Names vs. Words: Strings for Identity vs. Strings for Information

There is a long-standing tradition of distinguishing names from words — although it is not formally codified (even language itself is not “set in stone”, but rather is undergoing constant evolution — much like a living being), it can be roughly said that whereas words are in the (or a) dictionary, names are strings listed on specialized lists (e.g. baby names, trademark names, names identifying a company, product, service, etc.).

The purpose of names is to identify, and ideally a name should uniquely identify something (or someone). In an ideal world, a name would signify just one thing and exclude everything else. Try to explain that to John or to Joe or to Jane Doe and you will quickly realize we do not live in an ideal world. It seems that so-called “last” names were introduced several hundred years ago in order to more specifically exclude other Johns and other Joes … and perhaps some day soon we will again have to figure out how to make names like Jane Doe uniquely refer to this Jane and not that Jane.

Such thinking is what leads many to think that the most perfect name is a name which is the most extremely exclusive. Rare is good, unique is best.

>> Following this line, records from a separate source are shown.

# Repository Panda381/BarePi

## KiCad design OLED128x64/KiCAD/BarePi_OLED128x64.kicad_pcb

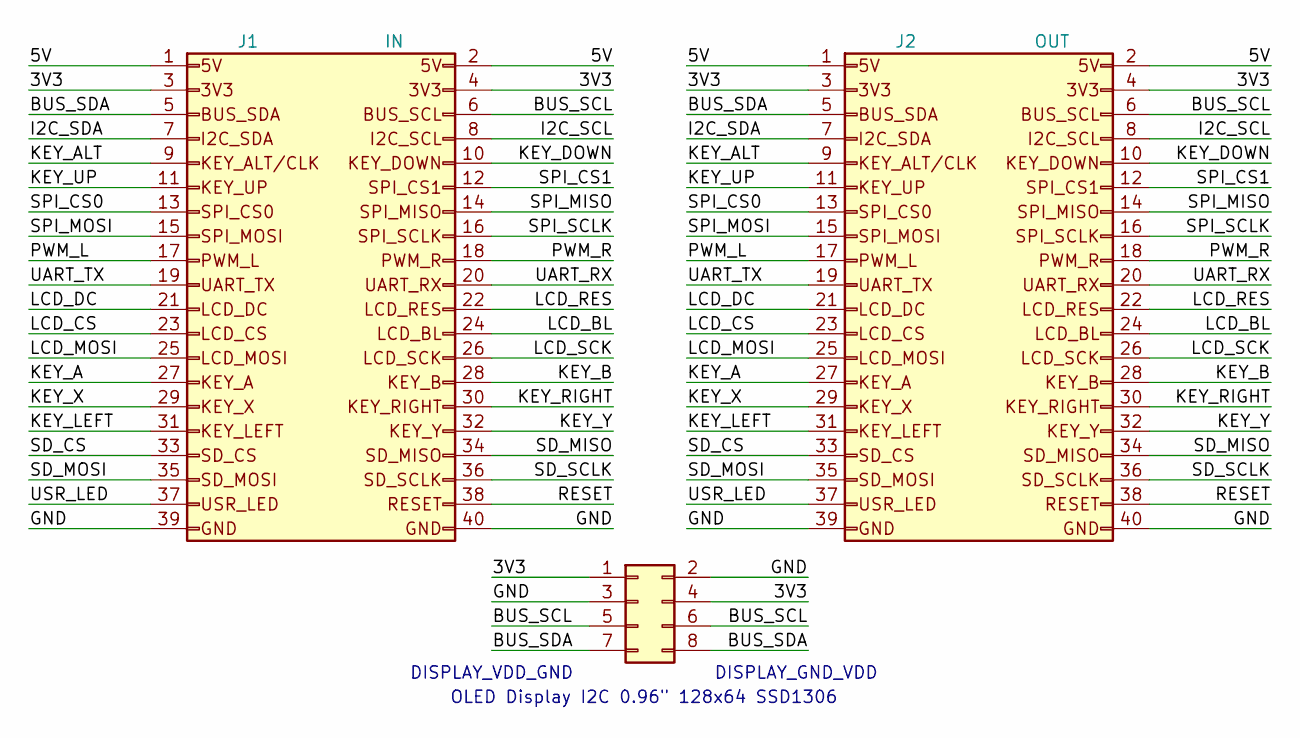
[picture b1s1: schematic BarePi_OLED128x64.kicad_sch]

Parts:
J1: IN; Raspberry_IN_PinHeader_2x20_P2.54mm_Horizontal
J2: OUT; Raspberry_OUT_PinSocket_2x20_P2.54mm_Horizontal
J3: DISPLAY; Raspberry_PinSocket_2x04_P2.54mm_Vertical

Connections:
/3V3: J1.3, J1.4, J2.3, J2.4, J3.1, J3.4
/5V: J1.1, J1.2, J2.1, J2.2
/BUS_SCL: J1.6, J2.6, J3.5, J3.6
/BUS_SDA: J1.5, J2.5, J3.7, J3.8
/GND: J1.39, J1.40, J2.39, J2.40, J3.2, J3.3
/I2C_SCL: J1.8, J2.8
/I2C_SDA: J1.7, J2.7
/KEY_A: J1.27, J2.27
/KEY_ALT: J1.9, J2.9
/KEY_B: J1.28, J2.28
/KEY_DOWN: J1.10, J2.10
/KEY_LEFT: J1.31, J2.31
/KEY_RIGHT: J1.30, J2.30
/KEY_UP: J1.11, J2.11
/KEY_X: J1.29, J2.29
/KEY_Y: J1.32, J2.32
/LCD_BL: J1.24, J2.24
/LCD_CS: J1.23, J2.23
/LCD_DC: J1.21, J2.21
/LCD_MOSI: J1.25, J2.25
/LCD_RES: J1.22, J2.22
/LCD_SCK: J1.26, J2.26
/PWM_L: J1.17, J2.17
/PWM_R: J1.18, J2.18
/RESET: J1.38, J2.38
/SD_CS: J1.33, J2.33
/SD_MISO: J1.34, J2.34
/SD_MOSI: J1.35, J2.35
/SD_SCLK: J1.36, J2.36
/SPI_CS0: J1.13, J2.13
/SPI_CS1: J1.12, J2.12
/SPI_MISO: J1.14, J2.14
/SPI_MOSI: J1.15, J2.15
/SPI_SCLK: J1.16, J2.16
/UART_RX: J1.20, J2.20
/UART_TX: J1.19, J2.19
/USR_LED: J1.37, J2.37

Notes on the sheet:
OLED Display I2C 0.96{dblquote} 128x64 SSD1306
DISPLAY_VDD_GND
DISPLAY_GND_VDD

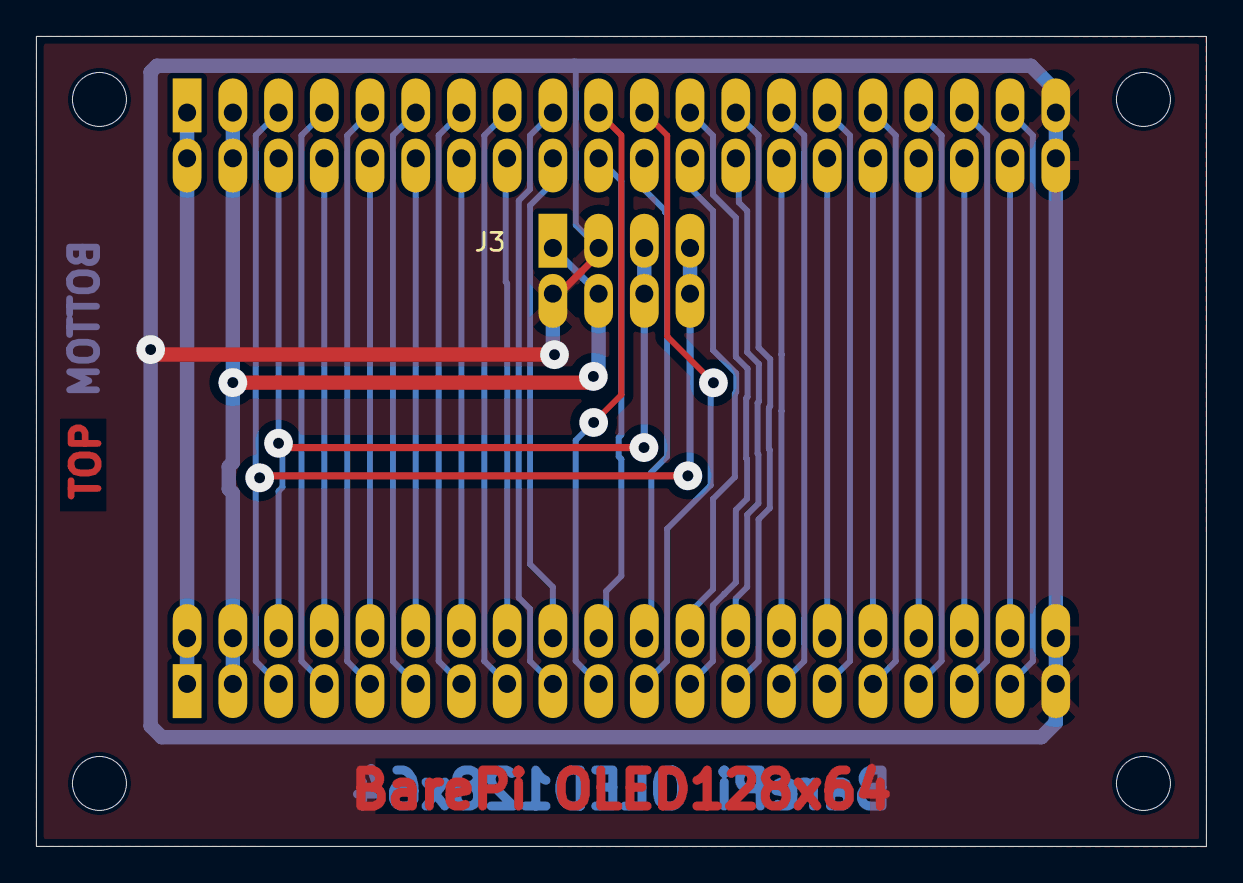
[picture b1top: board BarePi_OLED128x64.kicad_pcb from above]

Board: 2 copper layers, 65.0 x 45.0 mm, 3 parts (0 on the bottom side), 37 nets.

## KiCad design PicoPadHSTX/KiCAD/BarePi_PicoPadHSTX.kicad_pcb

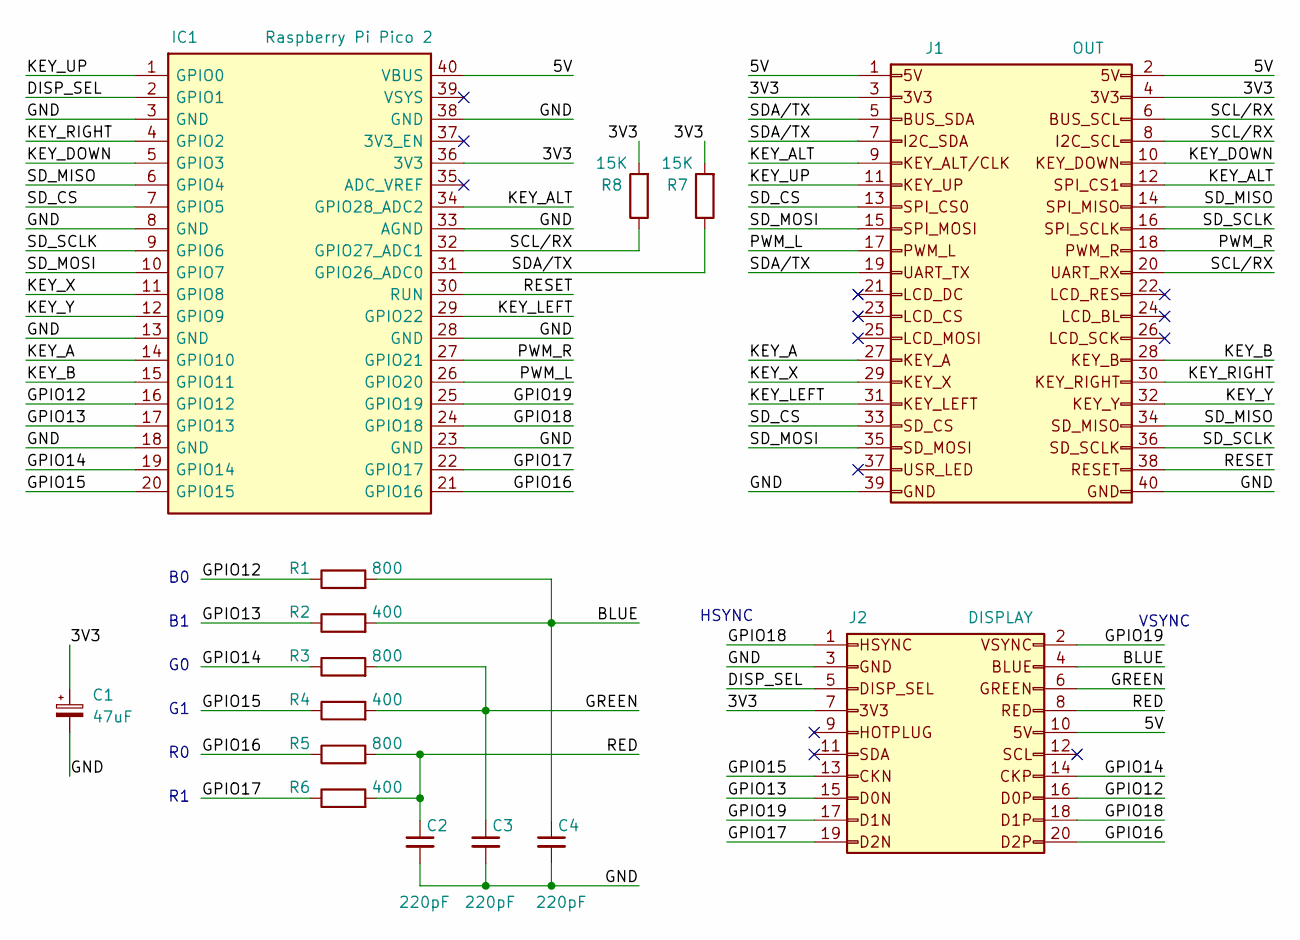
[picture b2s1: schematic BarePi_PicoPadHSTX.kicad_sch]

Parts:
C1: 47uF; CP_EIA-3216-18_Kemet-A_HandSolder
C2, C3, C4: 220pF; C_1206_3216Metric_Pad1.33x1.80mm_HandSolder
IC1: Raspberry Pi Pico 2; Raspberry_Pi_Pico_Common_Unspecified
J1: OUT; Raspberry_OUT_PinSocket_2x20_P2.54mm_Horizontal
J2: DISPLAY; Raspberry_OUT_PinSocket_2x10_P2.54mm_Horizontal
R1, R3, R5: 800; R_0805_2012Metric_Pad1.20x1.40mm_HandSolder
R2, R4, R6: 400; R_0805_2012Metric_Pad1.20x1.40mm_HandSolder
R7, R8: 15K; R_1206_3216Metric_Pad1.30x1.75mm_HandSolder

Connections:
/3V3: C1.1, IC1.36 (3V3), J1.3, J1.4, J2.7, R7.2, R8.2
/5V: IC1.40 (VBUS), J1.1, J1.2, J2.10
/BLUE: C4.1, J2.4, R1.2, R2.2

Names have some similarity to words in selecting particular things, but they are also crucially different. Certainly no one would ever want to confuse eating with sleeping, and to mix up sex with rex would make many actors and tyrransauri in heaven rather “most irate”. Language does aim to specify, but it does not aim to specify uniquely. We eat many times over, we sleep many times over, we do and experience all sorts of things over and over again — more or less.

Therefore, although rare words exist (as do common words), I do not know of a single word that could be described as unique. Likewise, I very much doubt that a universal word ever existed (though it seems as though this is alleged to be the beginning of everything, as we find in the very first book of the Bible, Genesis, the statement that “in the beginning, was the word”).

Today, we have a much more refined understanding of language. We understand that languages are not formed by decree or by other kinds of government regulation or state control. Instead, they evolve according to the needs, wishes, whims and rational preferences of living people — in a sort of evolutionary process guided by principles much like “supply” and “demand” (and also the physical dexterity of the vocal apparatus, etc.). In some ways, language may perhaps be understood to evolve in symbiosis with humans, rather than being a technology devised by humans.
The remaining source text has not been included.